[Items from a data source]
....................

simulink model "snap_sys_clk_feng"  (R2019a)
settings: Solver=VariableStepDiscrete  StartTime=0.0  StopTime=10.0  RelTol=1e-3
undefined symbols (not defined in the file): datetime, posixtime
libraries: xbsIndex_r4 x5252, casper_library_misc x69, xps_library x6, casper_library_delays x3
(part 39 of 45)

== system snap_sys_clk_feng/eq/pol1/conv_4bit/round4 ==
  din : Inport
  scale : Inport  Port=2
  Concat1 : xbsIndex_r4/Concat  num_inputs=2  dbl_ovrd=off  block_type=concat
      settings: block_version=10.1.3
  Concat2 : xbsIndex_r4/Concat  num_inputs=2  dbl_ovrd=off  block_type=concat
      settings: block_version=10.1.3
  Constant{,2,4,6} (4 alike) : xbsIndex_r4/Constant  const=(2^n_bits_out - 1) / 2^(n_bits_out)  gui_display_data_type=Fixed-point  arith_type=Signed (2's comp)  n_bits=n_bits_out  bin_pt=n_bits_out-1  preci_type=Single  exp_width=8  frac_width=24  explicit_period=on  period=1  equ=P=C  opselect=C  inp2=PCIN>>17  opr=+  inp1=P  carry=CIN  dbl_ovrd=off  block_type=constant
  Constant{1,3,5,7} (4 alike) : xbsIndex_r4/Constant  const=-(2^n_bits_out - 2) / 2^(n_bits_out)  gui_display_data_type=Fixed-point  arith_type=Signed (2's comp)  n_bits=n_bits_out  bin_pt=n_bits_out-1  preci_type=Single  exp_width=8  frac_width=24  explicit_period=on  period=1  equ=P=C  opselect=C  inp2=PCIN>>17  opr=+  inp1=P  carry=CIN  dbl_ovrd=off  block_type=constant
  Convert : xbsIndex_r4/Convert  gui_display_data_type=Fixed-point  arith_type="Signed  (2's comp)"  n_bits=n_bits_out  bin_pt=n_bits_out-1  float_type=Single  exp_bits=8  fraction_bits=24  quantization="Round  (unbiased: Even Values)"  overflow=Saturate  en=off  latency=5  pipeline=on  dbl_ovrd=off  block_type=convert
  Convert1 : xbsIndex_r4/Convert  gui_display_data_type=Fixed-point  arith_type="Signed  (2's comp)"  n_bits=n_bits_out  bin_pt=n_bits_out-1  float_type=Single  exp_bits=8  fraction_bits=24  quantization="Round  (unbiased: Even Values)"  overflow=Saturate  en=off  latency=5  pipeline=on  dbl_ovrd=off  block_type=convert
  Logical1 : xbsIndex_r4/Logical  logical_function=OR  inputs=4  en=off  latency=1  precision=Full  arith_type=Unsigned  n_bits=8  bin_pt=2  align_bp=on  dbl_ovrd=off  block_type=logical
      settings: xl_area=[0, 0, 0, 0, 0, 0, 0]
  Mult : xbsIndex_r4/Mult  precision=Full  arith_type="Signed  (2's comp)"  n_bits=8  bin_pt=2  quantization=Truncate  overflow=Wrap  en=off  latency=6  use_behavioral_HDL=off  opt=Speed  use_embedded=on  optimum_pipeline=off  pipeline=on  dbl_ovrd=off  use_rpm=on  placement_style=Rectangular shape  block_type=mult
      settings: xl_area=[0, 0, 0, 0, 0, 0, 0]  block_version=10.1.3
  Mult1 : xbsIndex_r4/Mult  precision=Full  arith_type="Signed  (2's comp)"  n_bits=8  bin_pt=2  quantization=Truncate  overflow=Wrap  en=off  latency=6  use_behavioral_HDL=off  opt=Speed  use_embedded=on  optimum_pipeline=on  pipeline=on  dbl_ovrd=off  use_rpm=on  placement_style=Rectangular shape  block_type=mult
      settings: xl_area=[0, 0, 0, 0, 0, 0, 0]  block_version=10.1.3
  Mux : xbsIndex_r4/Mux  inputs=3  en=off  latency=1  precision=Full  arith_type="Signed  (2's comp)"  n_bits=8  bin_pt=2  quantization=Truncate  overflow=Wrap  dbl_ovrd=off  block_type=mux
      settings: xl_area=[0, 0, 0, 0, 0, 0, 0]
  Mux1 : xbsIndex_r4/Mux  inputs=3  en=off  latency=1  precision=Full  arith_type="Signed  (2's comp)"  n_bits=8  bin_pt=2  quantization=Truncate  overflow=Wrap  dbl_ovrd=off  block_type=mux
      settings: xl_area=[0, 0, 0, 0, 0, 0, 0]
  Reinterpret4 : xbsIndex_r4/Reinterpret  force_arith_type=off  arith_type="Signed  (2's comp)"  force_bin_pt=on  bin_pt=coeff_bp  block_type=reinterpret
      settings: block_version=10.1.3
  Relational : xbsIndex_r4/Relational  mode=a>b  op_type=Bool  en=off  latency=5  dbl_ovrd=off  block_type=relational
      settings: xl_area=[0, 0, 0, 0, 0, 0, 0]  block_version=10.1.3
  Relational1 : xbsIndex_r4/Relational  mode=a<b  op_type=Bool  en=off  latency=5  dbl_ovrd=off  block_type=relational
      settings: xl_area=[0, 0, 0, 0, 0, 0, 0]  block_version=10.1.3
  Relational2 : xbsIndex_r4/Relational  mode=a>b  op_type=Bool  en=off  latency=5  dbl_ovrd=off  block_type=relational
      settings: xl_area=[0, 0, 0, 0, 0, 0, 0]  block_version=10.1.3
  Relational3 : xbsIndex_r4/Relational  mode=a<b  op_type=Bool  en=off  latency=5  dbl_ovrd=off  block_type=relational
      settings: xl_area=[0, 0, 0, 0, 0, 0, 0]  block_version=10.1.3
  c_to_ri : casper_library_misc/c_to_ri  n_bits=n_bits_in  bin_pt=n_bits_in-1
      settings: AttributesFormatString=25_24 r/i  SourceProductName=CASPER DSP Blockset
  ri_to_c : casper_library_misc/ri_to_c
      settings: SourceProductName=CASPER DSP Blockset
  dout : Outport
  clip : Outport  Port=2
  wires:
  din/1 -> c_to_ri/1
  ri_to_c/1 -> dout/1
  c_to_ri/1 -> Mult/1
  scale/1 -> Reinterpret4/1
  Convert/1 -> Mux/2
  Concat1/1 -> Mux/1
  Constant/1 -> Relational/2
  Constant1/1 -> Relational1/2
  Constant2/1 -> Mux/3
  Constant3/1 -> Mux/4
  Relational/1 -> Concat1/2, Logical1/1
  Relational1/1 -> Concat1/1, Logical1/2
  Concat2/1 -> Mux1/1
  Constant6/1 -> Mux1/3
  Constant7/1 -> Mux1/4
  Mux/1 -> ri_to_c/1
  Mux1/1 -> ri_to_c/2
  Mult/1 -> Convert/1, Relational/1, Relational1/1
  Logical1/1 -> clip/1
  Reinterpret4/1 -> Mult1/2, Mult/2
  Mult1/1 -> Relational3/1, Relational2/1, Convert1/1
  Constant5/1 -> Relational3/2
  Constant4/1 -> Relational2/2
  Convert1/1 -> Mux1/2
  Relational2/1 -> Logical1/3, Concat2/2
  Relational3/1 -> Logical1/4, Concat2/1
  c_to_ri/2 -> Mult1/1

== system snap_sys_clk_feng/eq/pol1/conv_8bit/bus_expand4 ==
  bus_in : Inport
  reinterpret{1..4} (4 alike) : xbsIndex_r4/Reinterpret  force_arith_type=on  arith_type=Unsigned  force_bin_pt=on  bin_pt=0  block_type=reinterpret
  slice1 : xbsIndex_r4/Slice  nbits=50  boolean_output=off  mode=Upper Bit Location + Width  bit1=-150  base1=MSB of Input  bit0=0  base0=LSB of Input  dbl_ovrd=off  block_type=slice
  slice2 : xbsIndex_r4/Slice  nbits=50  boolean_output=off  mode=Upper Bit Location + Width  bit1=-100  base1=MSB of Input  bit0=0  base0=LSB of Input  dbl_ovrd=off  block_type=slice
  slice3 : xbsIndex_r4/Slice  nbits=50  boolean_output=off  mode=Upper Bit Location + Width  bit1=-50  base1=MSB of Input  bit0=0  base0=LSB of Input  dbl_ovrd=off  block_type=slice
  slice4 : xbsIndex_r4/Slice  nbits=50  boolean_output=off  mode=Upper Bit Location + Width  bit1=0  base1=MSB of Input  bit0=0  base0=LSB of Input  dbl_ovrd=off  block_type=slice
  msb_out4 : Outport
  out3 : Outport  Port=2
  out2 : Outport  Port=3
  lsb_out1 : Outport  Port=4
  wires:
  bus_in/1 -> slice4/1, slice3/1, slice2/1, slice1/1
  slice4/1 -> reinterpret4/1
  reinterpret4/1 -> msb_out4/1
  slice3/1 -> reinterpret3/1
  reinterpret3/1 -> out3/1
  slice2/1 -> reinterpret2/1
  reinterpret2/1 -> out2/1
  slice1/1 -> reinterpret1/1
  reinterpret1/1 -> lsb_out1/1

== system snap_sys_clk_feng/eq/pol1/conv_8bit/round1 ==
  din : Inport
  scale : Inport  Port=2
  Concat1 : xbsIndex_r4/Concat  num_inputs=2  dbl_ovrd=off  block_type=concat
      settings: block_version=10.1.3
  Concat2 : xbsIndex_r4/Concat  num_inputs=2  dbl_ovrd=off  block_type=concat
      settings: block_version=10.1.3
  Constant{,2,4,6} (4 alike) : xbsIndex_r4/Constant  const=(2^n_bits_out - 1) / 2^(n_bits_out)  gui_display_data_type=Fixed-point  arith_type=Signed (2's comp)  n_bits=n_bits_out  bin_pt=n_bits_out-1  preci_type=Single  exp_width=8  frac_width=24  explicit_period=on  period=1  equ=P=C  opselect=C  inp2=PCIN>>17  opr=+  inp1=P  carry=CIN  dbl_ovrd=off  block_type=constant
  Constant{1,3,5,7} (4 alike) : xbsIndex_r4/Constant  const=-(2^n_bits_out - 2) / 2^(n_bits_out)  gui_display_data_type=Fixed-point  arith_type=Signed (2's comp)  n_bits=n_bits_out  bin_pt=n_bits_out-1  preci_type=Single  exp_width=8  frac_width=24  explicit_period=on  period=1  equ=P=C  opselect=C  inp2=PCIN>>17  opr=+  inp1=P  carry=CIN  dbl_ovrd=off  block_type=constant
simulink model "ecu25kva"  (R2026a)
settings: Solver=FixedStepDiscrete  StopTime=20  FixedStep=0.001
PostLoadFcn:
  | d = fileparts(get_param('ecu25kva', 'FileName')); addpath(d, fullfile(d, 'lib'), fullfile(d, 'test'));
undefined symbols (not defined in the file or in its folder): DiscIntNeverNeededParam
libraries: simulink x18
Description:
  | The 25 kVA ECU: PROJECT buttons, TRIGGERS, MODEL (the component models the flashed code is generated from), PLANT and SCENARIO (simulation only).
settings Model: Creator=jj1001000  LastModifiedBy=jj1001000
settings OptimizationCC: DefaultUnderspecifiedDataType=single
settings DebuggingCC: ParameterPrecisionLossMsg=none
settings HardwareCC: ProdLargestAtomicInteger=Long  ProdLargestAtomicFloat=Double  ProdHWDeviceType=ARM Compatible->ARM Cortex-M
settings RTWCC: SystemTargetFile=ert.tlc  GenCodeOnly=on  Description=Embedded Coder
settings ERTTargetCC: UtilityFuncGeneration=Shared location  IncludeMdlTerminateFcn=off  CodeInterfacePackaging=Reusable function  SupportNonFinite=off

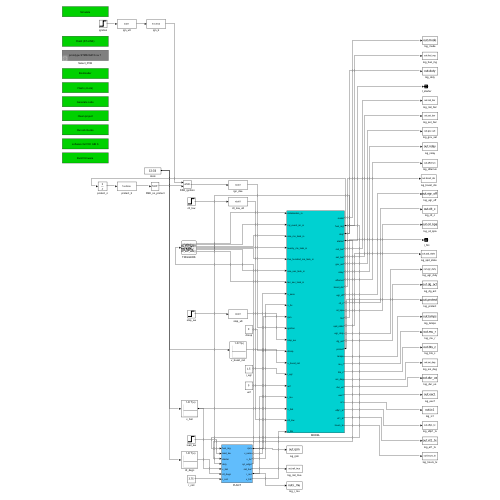
[thumbnail: Simulink's stored preview of the top-level diagram]
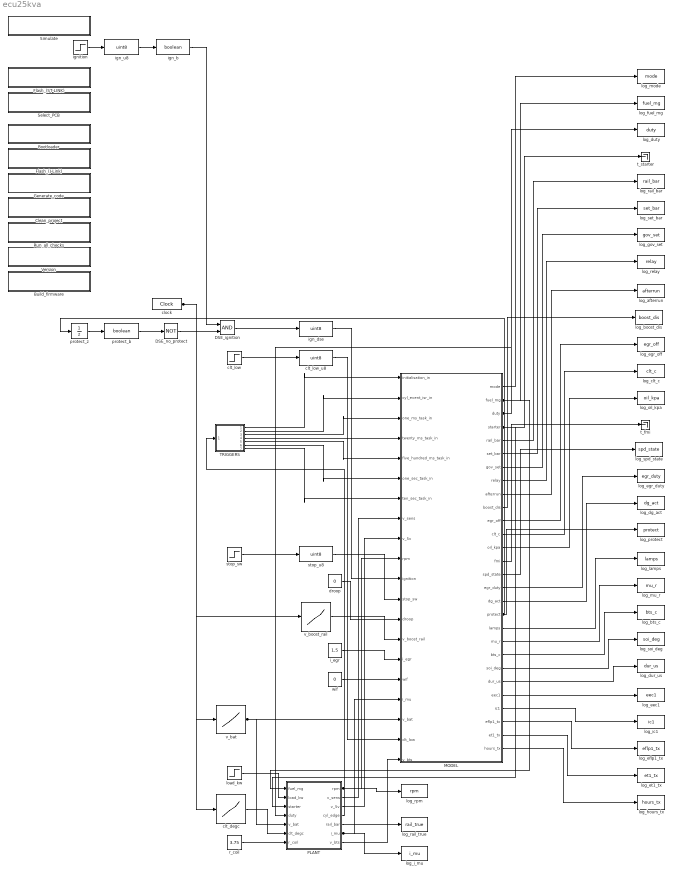
== system ecu25kva ==
  Bootloader : Subsystem
      mask help: Double-click: ecu_project('bootloader')
      settings: OpenFcn=ecu_project('bootloader')
      mask Display: disp('Bootloader')
  Build_firmware : Subsystem
      mask help: Double-click: ecu_project('build')
      settings: OpenFcn=ecu_project('build')
      mask Display: disp('Build firmware')
  Clean_project : Subsystem
      mask help: Double-click: ecu_project('clean')
      settings: OpenFcn=ecu_project('clean')
      mask Display: disp('Clean project')
  DSE_ignition : Logic  AllPortsSameDT=off  OutDataTypeStr=boolean
  DSE_no_protect : Logic  Operator=NOT  AllPortsSameDT=off  OutDataTypeStr=boolean
  Flash_(J-Link) : Subsystem
      mask help: Double-click: ecu_project('flash_jlink')
      settings: OpenFcn=ecu_project('flash_jlink')
      mask Display: disp('Flash (J-Link)')
  Flash_(ST-LINK) : Subsystem
      mask help: Double-click: ecu_project('flash_stlink')
      settings: OpenFcn=ecu_project('flash_stlink')
      mask Display: disp('Flash (ST-LINK)')
  Generate_code : Subsystem
      mask help: Double-click: ecu_project('generate')
      settings: OpenFcn=ecu_project('generate')
      mask Display: disp('Generate code')
  MODEL : Subsystem
  PLANT : Subsystem
  Run_all_checks : Subsystem
      mask help: Double-click: ecu_project('check')
      settings: OpenFcn=ecu_project('check')
      mask Display: disp('Run all checks')
  Select_PCB : Subsystem  mask{board=prototype STM32G474 rev 1}
      mask prompts: board "PCB"
      mask help: The board Build and Flash work for.
      mask TypeOptions board: prototype STM32G474 rev 1 | production S32K148
      mask Display: disp(board)
  Simulate : Subsystem
      mask help: Double-click: ecu_project('simulate')
      settings: OpenFcn=ecu_project('simulate')
      mask Display: disp('Simulate')
  TRIGGERS : Stateflow chart  TreatAsAtomicUnit=on
  Version : Subsystem
      mask Display: disp('software 0x0100  ABI 6')
  clock : DigitalClock  SampleTime=0.001
  clt_degc : Lookup_n-D  NumberOfTableDimensions=1  BreakpointsForDimension1=[0 100]  Table=[85 85]  ExtrapMethod=Clip  InternalRulePriority=Speed  OutDataTypeStr=single  RndMeth=Simplest
  clt_low : Step  Time=1e6  SampleTime=0.001
  clt_low_u8 : DataTypeConversion  OutDataTypeStr=uint8  SaturateOnIntegerOverflow=off  RndMeth=Floor
  droop : Constant  Value=0  OutDataTypeStr=uint8
  i_egr : Constant  Value=1.5  OutDataTypeStr=single
  ign_b : DataTypeConversion  OutDataTypeStr=boolean  SaturateOnIntegerOverflow=off  RndMeth=Floor
  ign_dse : DataTypeConversion  OutDataTypeStr=uint8  SaturateOnIntegerOverflow=off  RndMeth=Floor
  ign_u8 : DataTypeConversion  OutDataTypeStr=uint8  SaturateOnIntegerOverflow=off  RndMeth=Floor
  ignition : Step  Time=0.5  SampleTime=0.001
  load_kw : Step  Time=8  FinalValue=20  SampleTime=0.001
  log_afterrun : ToWorkspace  VariableName=afterrun  SaveFormat=Timeseries  SampleTime=0.001
  log_boost_dis : ToWorkspace  VariableName=boost_dis  SaveFormat=Timeseries  SampleTime=0.001
  log_bts_c : ToWorkspace  VariableName=bts_c  SaveFormat=Timeseries  SampleTime=0.001
  log_clt_c : ToWorkspace  VariableName=clt_c  SaveFormat=Timeseries  SampleTime=0.001
  log_dg_act : ToWorkspace  VariableName=dg_act  SaveFormat=Timeseries  SampleTime=0.001
  log_dur_us : ToWorkspace  VariableName=dur_us  SaveFormat=Timeseries  SampleTime=0.001
  log_duty : ToWorkspace  VariableName=duty  SaveFormat=Timeseries  SampleTime=0.001
  log_eec1 : ToWorkspace  VariableName=eec1  SaveFormat=Timeseries  SampleTime=0.001
  log_eflp1_tx : ToWorkspace  VariableName=eflp1_tx  SaveFormat=Timeseries  SampleTime=0.001
  log_egr_duty : ToWorkspace  VariableName=egr_duty  SaveFormat=Timeseries  SampleTime=0.001
  log_egr_off : ToWorkspace  VariableName=egr_off  SaveFormat=Timeseries  SampleTime=0.001
  log_et1_tx : ToWorkspace  VariableName=et1_tx  SaveFormat=Timeseries  SampleTime=0.001
  log_fuel_mg : ToWorkspace  VariableName=fuel_mg  SaveFormat=Timeseries  SampleTime=0.001
  log_gov_set : ToWorkspace  VariableName=gov_set  SaveFormat=Timeseries  SampleTime=0.001
  log_hours_tx : ToWorkspace  VariableName=hours_tx  SaveFormat=Timeseries  SampleTime=0.001
  log_i_mu : ToWorkspace  VariableName=i_mu  SaveFormat=Timeseries  SampleTime=0.001
  log_ic1 : ToWorkspace  VariableName=ic1  SaveFormat=Timeseries  SampleTime=0.001
  log_lamps : ToWorkspace  VariableName=lamps  SaveFormat=Timeseries  SampleTime=0.001
  log_mode : ToWorkspace  VariableName=mode  SaveFormat=Timeseries  SampleTime=0.001
  log_mu_r : ToWorkspace  VariableName=mu_r  SaveFormat=Timeseries  SampleTime=0.001
  log_oil_kpa : ToWorkspace  VariableName=oil_kpa  SaveFormat=Timeseries  SampleTime=0.001
  log_protect : ToWorkspace  VariableName=protect  SaveFormat=Timeseries  SampleTime=0.001
  log_rail_bar : ToWorkspace  VariableName=rail_bar  SaveFormat=Timeseries  SampleTime=0.001
  log_rail_true : ToWorkspace  VariableName=rail_true  SaveFormat=Timeseries  SampleTime=0.001
  log_relay : ToWorkspace  VariableName=relay  SaveFormat=Timeseries  SampleTime=0.001
  log_rpm : ToWorkspace  VariableName=rpm  SaveFormat=Timeseries  SampleTime=0.001
  log_set_bar : ToWorkspace  VariableName=set_bar  SaveFormat=Timeseries  SampleTime=0.001
  log_soi_deg : ToWorkspace  VariableName=soi_deg  SaveFormat=Timeseries  SampleTime=0.001
  log_spd_state : ToWorkspace  VariableName=spd_state  SaveFormat=Timeseries  SampleTime=0.001
  protect_b : DataTypeConversion  OutDataTypeStr=boolean  SaturateOnIntegerOverflow=off  RndMeth=Floor
  protect_z : UnitDelay  SampleTime=0.001
  r_coil : Constant  Value=3.75  OutDataTypeStr=single
  stop_sw : Step  Time=16  SampleTime=0.001
  stop_u8 : DataTypeConversion  OutDataTypeStr=uint8  SaturateOnIntegerOverflow=off  RndMeth=Floor
  t_fmi : Terminator
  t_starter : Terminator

....................

All that belongs in the answer is the run of lines above from the line containing "Run_all_checks : Subsystem" through the line containing "ignition : Step", exactly as written.

  Run_all_checks : Subsystem
      mask help: Double-click: ecu_project('check')
      settings: OpenFcn=ecu_project('check')
      mask Display: disp('Run all checks')
  Select_PCB : Subsystem  mask{board=prototype STM32G474 rev 1}
      mask prompts: board "PCB"
      mask help: The board Build and Flash work for.
      mask TypeOptions board: prototype STM32G474 rev 1 | production S32K148
      mask Display: disp(board)
  Simulate : Subsystem
      mask help: Double-click: ecu_project('simulate')
      settings: OpenFcn=ecu_project('simulate')
      mask Display: disp('Simulate')
  TRIGGERS : Stateflow chart  TreatAsAtomicUnit=on
  Version : Subsystem
      mask Display: disp('software 0x0100  ABI 6')
  clock : DigitalClock  SampleTime=0.001
  clt_degc : Lookup_n-D  NumberOfTableDimensions=1  BreakpointsForDimension1=[0 100]  Table=[85 85]  ExtrapMethod=Clip  InternalRulePriority=Speed  OutDataTypeStr=single  RndMeth=Simplest
  clt_low : Step  Time=1e6  SampleTime=0.001
  clt_low_u8 : DataTypeConversion  OutDataTypeStr=uint8  SaturateOnIntegerOverflow=off  RndMeth=Floor
  droop : Constant  Value=0  OutDataTypeStr=uint8
  i_egr : Constant  Value=1.5  OutDataTypeStr=single
  ign_b : DataTypeConversion  OutDataTypeStr=boolean  SaturateOnIntegerOverflow=off  RndMeth=Floor
  ign_dse : DataTypeConversion  OutDataTypeStr=uint8  SaturateOnIntegerOverflow=off  RndMeth=Floor
  ign_u8 : DataTypeConversion  OutDataTypeStr=uint8  SaturateOnIntegerOverflow=off  RndMeth=Floor
  ignition : Step  Time=0.5  SampleTime=0.001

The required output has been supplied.